Dessine-moi un film.
Adaptations de romans (Yasmina Khadra, Dino Buzzati) adulés mais pas des plus simples à porter à l’écran pour les deux premiers ou suture entre le cinéma de genre et chronique de solitude urbaine pour le troisième, ces trois films-là sont ambitieux, mais tout aussi problématiques.
Très différents dans leurs univers ou propos, certains se rejoignent sur une animation formellement imprécise. À moins que les versions projetées ici ne soient pas définitives, il y a un vrai souci d’intégration des images en 3D, quasi pixellisées sur les sublimes décors dessinés par Lorenzo Mattoti pour La fameuse invasion… tandis que les mouvements particulièrement saccadés de Je cherche mon corps poussent à se demander si l’économie du film n’a pas été si fragile qu’il a fallu diviser par deux les gestes des personnages. Sur ce plan, Les hirondelles de Kaboul est graphiquement plus harmonieux, mais souffre d’un côté « film à sujet » aussi enfermant que les Burqas contre lesquelles il lutte.
La fameuse invasion… s’en tire mieux en faisant confiance à sa part de fable métaphorique sur la tentation du pouvoir.
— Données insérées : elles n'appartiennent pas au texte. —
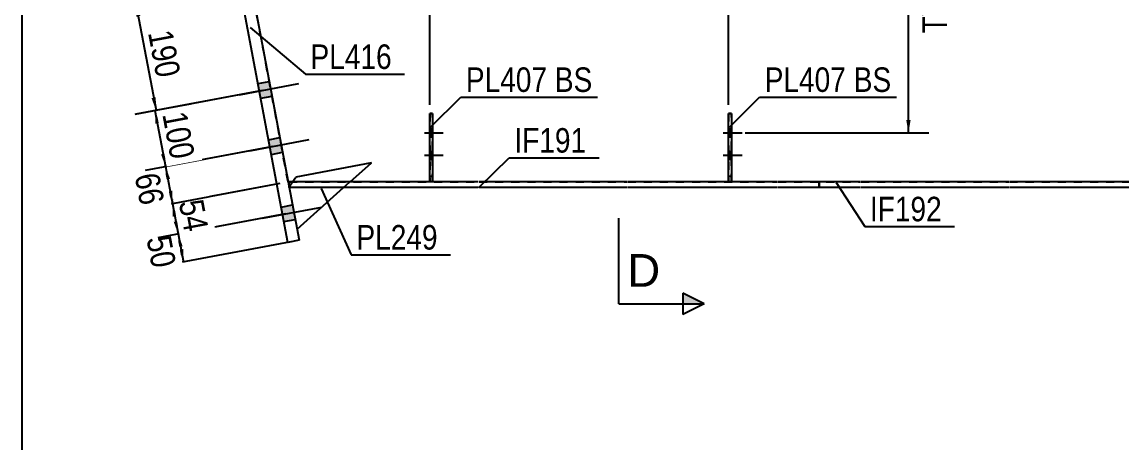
# Model space of a CAD drawing. Header units: millimetres. Extents: x -25 to 378, y -194 to 83.
# Drawn here: x -22.3 to 106.2, y -53.8 to -4.7 of the extents above; entities that cross this region are included whole.
import ezdxf

# ---------------------------------------------------------------- set-up
doc = ezdxf.new("R2010")
doc.units = ezdxf.units.MM
doc.linetypes.add('DXK_LINE_DOT1', pattern=[1.8814, 0.9407, -0.9407])
doc.linetypes.add('DXK_LINE_DOT2', pattern=[3.9198, 1.9599, -1.9599])
doc.styles.add('Arial', font='ARIAL.TTF', dxfattribs={"height": 0.2})
doc.styles.add('Arial Narrow', font='ARIALN.TTF', dxfattribs={"height": 0.2})

# ---------------------------------------------------------------- blocks, each defined once
blk = doc.blocks.new('Unknown-627304381-1201')
at = {"color": 5, "linetype": 'Continuous'}
blk.add_line((-22.35, 82.62), (-22.35, -194.38), dxfattribs=at)
blk = doc.blocks.new('Part-627304381-1734 - 1601')
at = {"color": 2, "linetype": 'Continuous'}
for p, q in [((-2.59, 29.89), (-1.28, 30.13)), ((8.73, -30.39), (-2.59, 29.89)), ((-1.28, 30.13), (10.04, -30.15)), ((10.04, -30.15), (8.73, -30.39))]:
    blk.add_line(p, q, dxfattribs=at)
blk = doc.blocks.new('Part-627304381-2244 - 1601')
at = {"color": 2, "linetype": 'Continuous'}
for p, q in [((75.62, -23.33), (70.82, -23.33)), ((70.82, -23.33), (70.82, -24)), ((75.62, -24), (70.82, -24)), ((92.99, -23.33), (75.72, -23.33)), ((92.99, -24), (75.72, -24)), ((179.04, -23.33), (93.09, -23.33)), ((179.04, -24), (93.09, -24))]:
    blk.add_line(p, q, dxfattribs=at)
blk = doc.blocks.new('Bolt-627304381-1613 - 1601')
at = {"linetype": 'Continuous'}
for points in [[(-2.13, 27.46), (-1.81, 25.76), (-0.5, 26), (-0.82, 27.71)], [(-2.13, 27.46), (-1.81, 25.76), (-0.5, 26), (-0.82, 27.71)], [(-0.66, 19.6), (-0.34, 17.9), (0.98, 18.14), (0.66, 19.84)], [(-0.66, 19.6), (-0.34, 17.9), (0.98, 18.14), (0.66, 19.84)], [(0.58, 13.05), (0.9, 11.34), (2.21, 11.59), (1.89, 13.29)], [(0.58, 13.05), (0.9, 11.34), (2.21, 11.59), (1.89, 13.29)], [(2.91, 0.6), (3.23, -1.11), (4.54, -0.86), (4.22, 0.84)], [(2.91, 0.6), (3.23, -1.11), (4.54, -0.86), (4.22, 0.84)], [(5.25, -11.85), (5.57, -13.56), (6.88, -13.31), (6.56, -11.61)], [(5.25, -11.85), (5.57, -13.56), (6.88, -13.31), (6.56, -11.61)], [(6.48, -18.4), (6.8, -20.11), (8.11, -19.86), (7.79, -18.16)], [(6.48, -18.4), (6.8, -20.11), (8.11, -19.86), (7.79, -18.16)], [(7.96, -26.27), (8.28, -27.97), (9.59, -27.72), (9.27, -26.02)], [(7.96, -26.27), (8.28, -27.97), (9.59, -27.72), (9.27, -26.02)]]:
    blk.add_hatch(color=3, dxfattribs=at).paths.add_polyline_path(points)
at = {"color": 3, "linetype": 'Continuous'}
for p, q in [((-4.32, 26.17), (2.61, 27.47)), ((-4.32, 26.17), (2.61, 27.47)), ((-2.13, 27.46), (-0.82, 27.71)), ((-2.13, 27.46), (-0.82, 27.71)), ((-1.81, 25.76), (-0.5, 26)), ((-1.81, 25.76), (-0.5, 26)), ((-2.85, 18.31), (4.09, 19.61)), ((-2.85, 18.31), (4.09, 19.61)), ((-0.66, 19.6), (0.66, 19.84)), ((-0.66, 19.6), (0.66, 19.84)), ((-0.34, 17.9), (0.98, 18.14)), ((-0.34, 17.9), (0.98, 18.14)), ((-1.62, 11.75), (5.32, 13.06)), ((-1.62, 11.75), (5.32, 13.06)), ((0.58, 13.05), (1.89, 13.29)), ((0.58, 13.05), (1.89, 13.29)), ((0.9, 11.34), (2.21, 11.59)), ((0.9, 11.34), (2.21, 11.59)), ((0.72, -0.7), (7.66, 0.61)), ((0.72, -0.7), (7.66, 0.61)), ((2.91, 0.6), (4.22, 0.84)), ((2.91, 0.6), (4.22, 0.84)), ((3.23, -1.11), (4.54, -0.86)), ((3.23, -1.11), (4.54, -0.86)), ((3.06, -13.15), (10, -11.84)), ((3.06, -13.15), (10, -11.84)), ((5.25, -11.85), (6.56, -11.61)), ((5.25, -11.85), (6.56, -11.61)), ((5.57, -13.56), (6.88, -13.31)), ((5.57, -13.56), (6.88, -13.31)), ((4.29, -19.7), (11.23, -18.39)), ((4.29, -19.7), (11.23, -18.39)), ((6.48, -18.4), (7.79, -18.16)), ((6.48, -18.4), (7.79, -18.16)), ((6.8, -20.11), (8.11, -19.86)), ((6.8, -20.11), (8.11, -19.86)), ((5.77, -27.56), (12.7, -26.26)), ((5.77, -27.56), (12.7, -26.26)), ((7.96, -26.27), (9.27, -26.02)), ((7.96, -26.27), (9.27, -26.02)), ((8.28, -27.97), (9.59, -27.72)), ((8.28, -27.97), (9.59, -27.72))]:
    blk.add_line(p, q, dxfattribs=at)
blk = doc.blocks.new('Bolt-627304381-1614 - 1601')
at = {"color": 3, "linetype": 'DXK_LINE_DOT2'}
for p, q in [((24.69, -17.61), (26.89, -17.61)), ((25.32, -17.15), (25.65, -17.15)), ((25.32, -18.08), (25.65, -18.08)), ((24.69, -20.2), (26.89, -20.2)), ((25.32, -19.73), (25.65, -19.73)), ((25.32, -20.67), (25.65, -20.67))]:
    blk.add_line(p, q, dxfattribs=at)
blk = doc.blocks.new('Bolt-627304381-1618 - 1601')
at = {"color": 3, "linetype": 'DXK_LINE_DOT2'}
for p, q in [((59.62, -17.61), (61.82, -17.61)), ((60.25, -17.15), (60.59, -17.15)), ((60.25, -18.08), (60.59, -18.08)), ((59.62, -20.2), (61.82, -20.2)), ((60.25, -19.73), (60.59, -19.73)), ((60.25, -20.67), (60.59, -20.67))]:
    blk.add_line(p, q, dxfattribs=at)
blk = doc.blocks.new('Bolt-627304381-1619 - 1601')
at = {"linetype": 'Continuous'}
for points in [[(60.59, -18.08), (60.59, -17.15), (60.25, -17.15), (60.25, -18.08)], [(60.59, -20.67), (60.59, -19.73), (60.25, -19.73), (60.25, -20.67)]]:
    blk.add_hatch(color=3, dxfattribs=at).paths.add_polyline_path(points)
at = {"color": 3, "linetype": 'Continuous'}
for p, q in [((59.62, -17.61), (61.82, -17.61)), ((60.25, -17.15), (60.59, -17.15)), ((60.25, -18.08), (60.59, -18.08)), ((59.62, -20.2), (61.82, -20.2)), ((60.25, -19.73), (60.59, -19.73)), ((60.25, -20.67), (60.59, -20.67))]:
    blk.add_line(p, q, dxfattribs=at)
blk = doc.blocks.new('Bolt-627304381-1620 - 1601')
at = {"linetype": 'Continuous'}
for points in [[(25.65, -18.08), (25.65, -17.15), (25.32, -17.15), (25.32, -18.08)], [(25.65, -20.67), (25.65, -19.73), (25.32, -19.73), (25.32, -20.67)]]:
    blk.add_hatch(color=3, dxfattribs=at).paths.add_polyline_path(points)
at = {"color": 3, "linetype": 'Continuous'}
for p, q in [((24.69, -17.61), (26.89, -17.61)), ((25.32, -17.15), (25.65, -17.15)), ((25.32, -18.08), (25.65, -18.08)), ((24.69, -20.2), (26.89, -20.2)), ((25.32, -19.73), (25.65, -19.73)), ((25.32, -20.67), (25.65, -20.67))]:
    blk.add_line(p, q, dxfattribs=at)
blk = doc.blocks.new('Part-627304381-2025 - 1601')
at = {"color": 2, "linetype": 'Continuous'}
for p, q in [((25.32, -23.33), (25.32, -15.33)), ((25.32, -15.33), (25.65, -15.33)), ((25.65, -15.33), (25.65, -23.33)), ((25.65, -23.33), (25.32, -23.33))]:
    blk.add_line(p, q, dxfattribs=at)
at = {"color": 7, "linetype": 'DXK_LINE_DOT1'}
blk.add_line((25.32, -22.67), (25.65, -22.67), dxfattribs=at)
blk = doc.blocks.new('Part-627304381-1707 - 1601')
at = {"color": 2, "linetype": 'Continuous'}
for p, q in [((18.52, -21.09), (9.67, -22.76)), ((16, -23.33), (18.52, -21.09)), ((9.28, -23.33), (9.67, -22.76)), ((8.89, -23.9), (8.87, -23.92)), ((9.8, -28.84), (15.25, -24))]:
    blk.add_line(p, q, dxfattribs=at)
at = {"color": 7, "linetype": 'DXK_LINE_DOT1'}
for p, q in [((8.87, -23.92), (9.28, -23.33)), ((8.87, -23.92), (9.8, -28.84)), ((15.25, -24), (16, -23.33))]:
    blk.add_line(p, q, dxfattribs=at)
blk = doc.blocks.new('Part-627304381-1643 - 1601')
at = {"color": 7, "linetype": 'DXK_LINE_DOT1'}
for p, q in [((8.76, -23.33), (0, 23.33)), ((8.89, -23.33), (30.99, -23.33)), ((31.09, -23.33), (48.35, -23.33)), ((48.45, -23.33), (65.92, -23.33)), ((66.02, -23.33), (75.62, -23.33)), ((75.72, -23.33), (92.99, -23.33)), ((93.09, -23.33), (179.04, -23.33))]:
    blk.add_line(p, q, dxfattribs=at)
at = {"color": 2, "linetype": 'Continuous'}
blk.add_line((8.89, -23.33), (8.76, -23.33), dxfattribs=at)
blk = doc.blocks.new('Part-627304381-2030 - 1601')
at = {"color": 2, "linetype": 'Continuous'}
for p, q in [((60.25, -23.33), (60.25, -15.33)), ((60.25, -15.33), (60.59, -15.33)), ((60.59, -15.33), (60.59, -23.33)), ((60.59, -23.33), (60.25, -23.33))]:
    blk.add_line(p, q, dxfattribs=at)
at = {"color": 7, "linetype": 'DXK_LINE_DOT1'}
blk.add_line((60.25, -22.67), (60.59, -22.67), dxfattribs=at)
blk = doc.blocks.new('Part-627304381-2052 - 1601')
at = {"color": 7, "linetype": 'DXK_LINE_DOT1'}
for p, q in [((60.25, -15.33), (60.25, -23.33)), ((60.59, -15.33), (60.25, -15.33)), ((60.59, -23.33), (60.59, -15.33))]:
    blk.add_line(p, q, dxfattribs=at)
blk = doc.blocks.new('Part-627304381-2119 - 1601')
at = {"color": 7, "linetype": 'DXK_LINE_DOT1'}
for p, q in [((25.32, -15.33), (25.32, -23.33)), ((25.65, -15.33), (25.32, -15.33)), ((25.65, -23.33), (25.65, -15.33))]:
    blk.add_line(p, q, dxfattribs=at)
blk = doc.blocks.new('Part-627304381-2134 - 1601')
at = {"color": 2, "linetype": 'Continuous'}
for p, q in [((8.89, -24), (8.89, -23.33)), ((25.32, -23.33), (8.89, -23.33)), ((30.99, -24), (8.89, -24)), ((30.99, -23.33), (25.65, -23.33)), ((48.35, -23.33), (31.09, -23.33)), ((48.35, -24), (31.09, -24)), ((60.25, -23.33), (48.45, -23.33)), ((65.92, -24), (48.45, -24)), ((65.92, -23.33), (60.59, -23.33)), ((70.82, -23.33), (66.02, -23.33)), ((70.82, -24), (66.02, -24)), ((70.82, -24), (70.82, -23.33))]:
    blk.add_line(p, q, dxfattribs=at)
blk = doc.blocks.new('StraightDimension-627304381-8951 - 1601')
at = {"linetype": 'Continuous'}
blk.add_hatch(color=7, dxfattribs=at).paths.add_polyline_path([(58.75, 53.5), (60.25, 53.25), (58.75, 53)])
at = {"color": 7, "linetype": 'Continuous'}
for p, q in [((60.25, -14.33), (60.25, 57.75)), ((50.19, 53.25), (60.25, 53.25))]:
    blk.add_line(p, q, dxfattribs=at)
at = {"color": 0}
blk.add_wipeout([(59.48, 54.15), (59.48, 58.35), (50.96, 58.35), (50.96, 54.15)], dxfattribs=at)
at = {"color": 3, "style": 'Arial Narrow'}
blk.add_text('2230', height=2.863, dxfattribs=at).set_placement((51.56, 54.75))
blk = doc.blocks.new('StraightDimension-627304381-2474 - 1601')
at = {"linetype": 'Continuous'}
for points in [[(-4.06, -30.93), (-4.09, -29.41), (-3.57, -30.84)], [(-3.5, -31.17), (-3.47, -32.69), (-4, -31.26)]]:
    blk.add_hatch(color=7, dxfattribs=at).paths.add_polyline_path(points)
at = {"color": 7, "linetype": 'Continuous'}
for p, q in [((8.45, -27.06), (-6.3, -29.83)), ((-4.09, -29.41), (-3.47, -32.69)), ((9.06, -30.33), (-5.69, -33.1))]:
    blk.add_line(p, q, dxfattribs=at)
at = {"color": 0}
blk.add_wipeout([(-7.61, -34.24), (-3.48, -33.46), (-4.38, -28.69), (-8.5, -29.47)], dxfattribs=at)
at = {"color": 3, "style": 'Arial Narrow'}
blk.add_text('50', height=2.863, rotation=-79.3661, dxfattribs=at).set_placement((-7.8, -29.94))
blk = doc.blocks.new('StraightDimension-627304381-2384 - 1601')
at = {"linetype": 'Continuous'}
for points in [[(-4.72, -27.39), (-4.75, -25.87), (-4.23, -27.3)], [(-4.12, -27.89), (-4.09, -29.41), (-4.61, -27.98)]]:
    blk.add_hatch(color=7, dxfattribs=at).paths.add_polyline_path(points)
at = {"color": 7, "linetype": 'Continuous'}
for p, q in [((7.78, -23.52), (-7.11, -26.31)), ((-4.75, -25.87), (-4.09, -29.41)), ((8.45, -27.06), (-6.45, -29.85))]:
    blk.add_line(p, q, dxfattribs=at)
at = {"color": 0}
blk.add_wipeout([(-3.83, -30), (0.3, -29.22), (-0.59, -24.45), (-4.72, -25.23)], dxfattribs=at)
at = {"color": 3, "style": 'Arial Narrow'}
blk.add_text('54', height=2.863, rotation=-79.3661, dxfattribs=at).set_placement((-4.02, -25.71))
blk = doc.blocks.new('StraightDimension-627304381-2410 - 1601')
at = {"linetype": 'Continuous'}
for points in [[(-5.54, -23.06), (-5.57, -21.54), (-5.04, -22.97)], [(-4.78, -24.35), (-4.75, -25.87), (-5.28, -24.44)]]:
    blk.add_hatch(color=7, dxfattribs=at).paths.add_polyline_path(points)
at = {"color": 7, "linetype": 'Continuous'}
for p, q in [((6.97, -19.19), (-7.78, -21.96)), ((-5.57, -21.54), (-4.75, -25.87)), ((7.78, -23.52), (-6.96, -26.29))]:
    blk.add_line(p, q, dxfattribs=at)
at = {"color": 0}
blk.add_wipeout([(-8.99, -26.9), (-4.86, -26.12), (-5.76, -21.35), (-9.88, -22.12)], dxfattribs=at)
at = {"color": 3, "style": 'Arial Narrow'}
blk.add_text('66', height=2.863, rotation=-79.3661, dxfattribs=at).set_placement((-9.18, -22.6))
blk = doc.blocks.new('StraightDimension-627304381-2426 - 1601')
at = {"linetype": 'Continuous'}
for points in [[(-6.76, -16.52), (-6.8, -15), (-6.27, -16.42)], [(-5.6, -20.02), (-5.57, -21.54), (-6.09, -20.11)]]:
    blk.add_hatch(color=7, dxfattribs=at).paths.add_polyline_path(points)
at = {"color": 7, "linetype": 'Continuous'}
for p, q in [((5.74, -12.64), (-9.15, -15.44)), ((-6.8, -15), (-5.57, -21.54)), ((6.97, -19.19), (-7.93, -21.99))]:
    blk.add_line(p, q, dxfattribs=at)
at = {"color": 0}
blk.add_wipeout([(-5.42, -21.53), (-1.29, -20.75), (-2.52, -14.18), (-6.65, -14.96)], dxfattribs=at)
at = {"color": 3, "style": 'Arial Narrow'}
blk.add_text('100', height=2.863, rotation=-79.3661, dxfattribs=at).set_placement((-5.95, -15.44))
blk = doc.blocks.new('StraightDimension-627304381-2434 - 1601')
at = {"linetype": 'Continuous'}
for points in [[(-8.99, -4.04), (-9.02, -2.52), (-8.5, -3.95)], [(-6.71, -13.45), (-6.68, -14.97), (-7.2, -13.55)]]:
    blk.add_hatch(color=7, dxfattribs=at).paths.add_polyline_path(points)
at = {"color": 7, "linetype": 'Continuous'}
for p, q in [((3.4, -0.18), (-11.38, -2.96)), ((-9.02, -2.52), (-6.68, -14.97)), ((5.74, -12.64), (-9.04, -15.42))]:
    blk.add_line(p, q, dxfattribs=at)
at = {"color": 0}
blk.add_wipeout([(-7.09, -12), (-2.96, -11.23), (-4.19, -4.66), (-8.32, -5.43)], dxfattribs=at)
at = {"color": 3, "style": 'Arial Narrow'}
blk.add_text('190', height=2.863, rotation=-79.3661, dxfattribs=at).set_placement((-7.62, -5.91))
blk = doc.blocks.new('StraightDimension-627304381-5092 - 1601')
at = {"linetype": 'Continuous'}
for points in [[(81.02, 21.83), (81.27, 23.33), (81.52, 21.83)], [(81.52, -16.11), (81.27, -17.61), (81.02, -16.11)]]:
    blk.add_hatch(color=7, dxfattribs=at).paths.add_polyline_path(points)
at = {"color": 7, "linetype": 'Continuous'}
for p, q in [((121.59, 23.33), (79.02, 23.33)), ((81.27, -17.61), (81.27, 23.33)), ((62.2, -17.61), (83.67, -17.61))]:
    blk.add_line(p, q, dxfattribs=at)
at = {"color": 0, "linetype": 'Continuous'}
blk.add_wipeout([(86.37, 12.31), (82.17, 12.31), (82.17, -6.59), (86.37, -6.59)], dxfattribs=at)
at = {"color": 3, "linetype": 'Continuous', "style": 'Arial Narrow'}
blk.add_text('TYP(U.O.N)', height=2.863, rotation=90.0002, dxfattribs=at).set_placement((85.77, -5.99))
at = {"color": 0}
blk.add_wipeout([(81.12, 6.2), (76.92, 6.2), (76.92, -0.48), (81.12, -0.48)], dxfattribs=at)
at = {"color": 3, "style": 'Arial Narrow'}
blk.add_text('614', height=2.863, rotation=90.0002, dxfattribs=at).set_placement((80.52, 0.12))
blk = doc.blocks.new('StraightDimension-627304381-8953 - 1601')
at = {"linetype": 'Continuous'}
blk.add_hatch(color=7, dxfattribs=at).paths.add_polyline_path([(23.82, 53.5), (25.32, 53.25), (23.82, 53)])
at = {"color": 7, "linetype": 'Continuous'}
for p, q in [((25.32, -14.33), (25.32, 57.75)), ((17.08, 53.25), (25.32, 53.25))]:
    blk.add_line(p, q, dxfattribs=at)
at = {"color": 0, "linetype": 'Continuous'}
blk.add_wipeout([(6.53, 54.6), (6.53, 58.8), (0.59, 58.8), (0.59, 54.6)], dxfattribs=at)
at = {"color": 0}
blk.add_wipeout([(24.54, 54.15), (24.54, 58.35), (17.86, 58.35), (17.86, 54.15)], dxfattribs=at)
at = {"color": 7, "linetype": 'Continuous'}
for p, q in [((0, 25), (0, 58.5)), ((0.5, 54.25), (0, 54)), ((0.5, 53.75), (0, 54)), ((5.93, 54), (0, 54))]:
    blk.add_line(p, q, dxfattribs=at)
at = {"color": 3, "linetype": 'Continuous', "style": 'Arial Narrow'}
blk.add_text('RD', height=2.863, dxfattribs=at).set_placement((1.19, 55.2))
at = {"color": 3, "style": 'Arial Narrow'}
blk.add_text('380', height=2.863, dxfattribs=at).set_placement((18.46, 54.75))
blk = doc.blocks.new('Mark-627304381-1703 - 1601')
at = {"color": 0}
blk.add_wipeout([(26.25, -31.23), (26.25, -28.23), (16.75, -28.23), (16.75, -31.23)], dxfattribs=at)
blk.add_wipeout([(26.25, -31.23), (26.25, -28.23), (16.75, -28.23), (16.75, -31.23)], dxfattribs=at)
at = {"color": 7, "linetype": 'Continuous'}
for p, q in [((12.62, -24.1), (16.15, -31.83)), ((16.15, -31.83), (27.75, -31.83))]:
    blk.add_line(p, q, dxfattribs=at)
at = {"color": 3, "style": 'Arial Narrow'}
blk.add_text('PL249', height=2.863, dxfattribs=at).set_placement((16.75, -31.23))
blk = doc.blocks.new('MarkSet-627304381-2804 - 1601')
at = {"color": 0}
for points in [[(73.98, -12.82), (73.98, -9.82), (64.47, -9.82), (64.47, -12.82)], [(79.26, -12.82), (79.26, -9.82), (74.88, -9.82), (74.88, -12.82)]]:
    blk.add_wipeout(points, dxfattribs=at)
for points in [[(73.98, -12.82), (73.98, -9.82), (64.47, -9.82), (64.47, -12.82)], [(79.26, -12.82), (79.26, -9.82), (74.88, -9.82), (74.88, -12.82)]]:
    blk.add_wipeout(points, dxfattribs=at)
at = {"color": 7, "linetype": 'Continuous'}
for p, q in [((60.34, -16.95), (63.87, -13.42)), ((63.87, -13.42), (79.86, -13.42))]:
    blk.add_line(p, q, dxfattribs=at)
at = {"color": 3, "style": 'Arial Narrow'}
for s, p in [('PL407', (64.47, -12.82)), ('BS', (74.88, -12.82))]:
    blk.add_text(s, height=2.863, dxfattribs=at).set_placement(p)
blk = doc.blocks.new('Mark-627304381-1730 - 1601')
at = {"color": 0}
blk.add_wipeout([(20.88, -10.14), (20.88, -7.14), (11.38, -7.14), (11.38, -10.14)], dxfattribs=at)
blk.add_wipeout([(20.88, -10.14), (20.88, -7.14), (11.38, -7.14), (11.38, -10.14)], dxfattribs=at)
at = {"color": 7, "linetype": 'Continuous'}
for p, q in [((4.33, -5.3), (10.78, -10.74)), ((10.78, -10.74), (22.38, -10.74))]:
    blk.add_line(p, q, dxfattribs=at)
at = {"color": 3, "style": 'Arial Narrow'}
blk.add_text('PL416', height=2.863, dxfattribs=at).set_placement((11.38, -10.14))
blk = doc.blocks.new('Mark-627304381-2240 - 1601')
at = {"color": 0}
blk.add_wipeout([(85.17, -27.93), (85.17, -24.93), (76.77, -24.93), (76.77, -27.93)], dxfattribs=at)
blk.add_wipeout([(85.17, -27.93), (85.17, -24.93), (76.77, -24.93), (76.77, -27.93)], dxfattribs=at)
at = {"color": 7, "linetype": 'Continuous'}
for p, q in [((72.83, -23.38), (76.17, -28.53)), ((76.17, -28.53), (86.67, -28.53))]:
    blk.add_line(p, q, dxfattribs=at)
at = {"color": 3, "style": 'Arial Narrow'}
blk.add_text('IF192', height=2.863, dxfattribs=at).set_placement((76.77, -27.93))
blk = doc.blocks.new('Mark-627304381-2130 - 1601')
at = {"color": 0}
blk.add_wipeout([(43.61, -19.91), (43.61, -16.91), (35.21, -16.91), (35.21, -19.91)], dxfattribs=at)
blk.add_wipeout([(43.61, -19.91), (43.61, -16.91), (35.21, -16.91), (35.21, -19.91)], dxfattribs=at)
at = {"color": 7, "linetype": 'Continuous'}
for p, q in [((31.07, -24), (34.61, -20.51)), ((34.61, -20.51), (45.11, -20.51))]:
    blk.add_line(p, q, dxfattribs=at)
at = {"color": 3, "style": 'Arial Narrow'}
blk.add_text('IF191', height=2.863, dxfattribs=at).set_placement((35.21, -19.91))
blk = doc.blocks.new('SectionMark-627304381-2785 - 1601')
at = {"linetype": 'Continuous'}
for points in [[(54.9, 46.29), (54.9, 47.54), (57.4, 47.54)], [(54.9, -37.58), (54.9, -36.33), (57.4, -37.58)]]:
    blk.add_hatch(color=30, dxfattribs=at).paths.add_polyline_path(points)
at = {"color": 30, "linetype": 'Continuous'}
for p, q in [((54.9, 46.29), (54.9, 48.79)), ((54.9, 48.79), (57.4, 47.54)), ((47.4, 47.54), (47.4, 37.54)), ((47.4, 47.54), (57.4, 47.54)), ((57.4, 47.54), (54.9, 46.29)), ((47.4, -37.58), (47.4, -27.58)), ((57.4, -37.58), (54.9, -36.33)), ((54.9, -36.33), (54.9, -38.83)), ((47.4, -37.58), (57.4, -37.58)), ((57.4, -37.58), (54.9, -38.83))]:
    blk.add_line(p, q, dxfattribs=at)
at = {"color": 0, "linetype": 'Continuous'}
for points in [[(52.25, 41.54), (52.25, 45.54), (48.4, 45.54), (48.4, 41.54)], [(52.25, -35.58), (52.25, -31.58), (48.4, -31.58), (48.4, -35.58)]]:
    blk.add_wipeout(points, dxfattribs=at)
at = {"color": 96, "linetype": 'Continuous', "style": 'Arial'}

Y compris (surtout ?) via le symbolisme animalier ou cette volonté de (beau) spectacle. Les deux autres films, plus intimes, butent plus clairement sur l’écueil du naturalisme lorsque la nécessité de raconter leurs histoires par l’animation s’avère questionnable, notamment en étant bien plus incarnés par leurs parfaits castings vocaux que par leur graphisme.
Un souci bien plus prègnant pour J’ai perdu mon corps : si le film de Jérémy Clapin trouve son coeur dans la belle mélancolie d’un livreur de pizza hanté par la mort de ses parents, il est écartelé entre blues urbain et film fantastique, jusqu’à rendre des plus flous son futur positionnement de sortie qui devra choisir entre cinéma de genre et genre humain.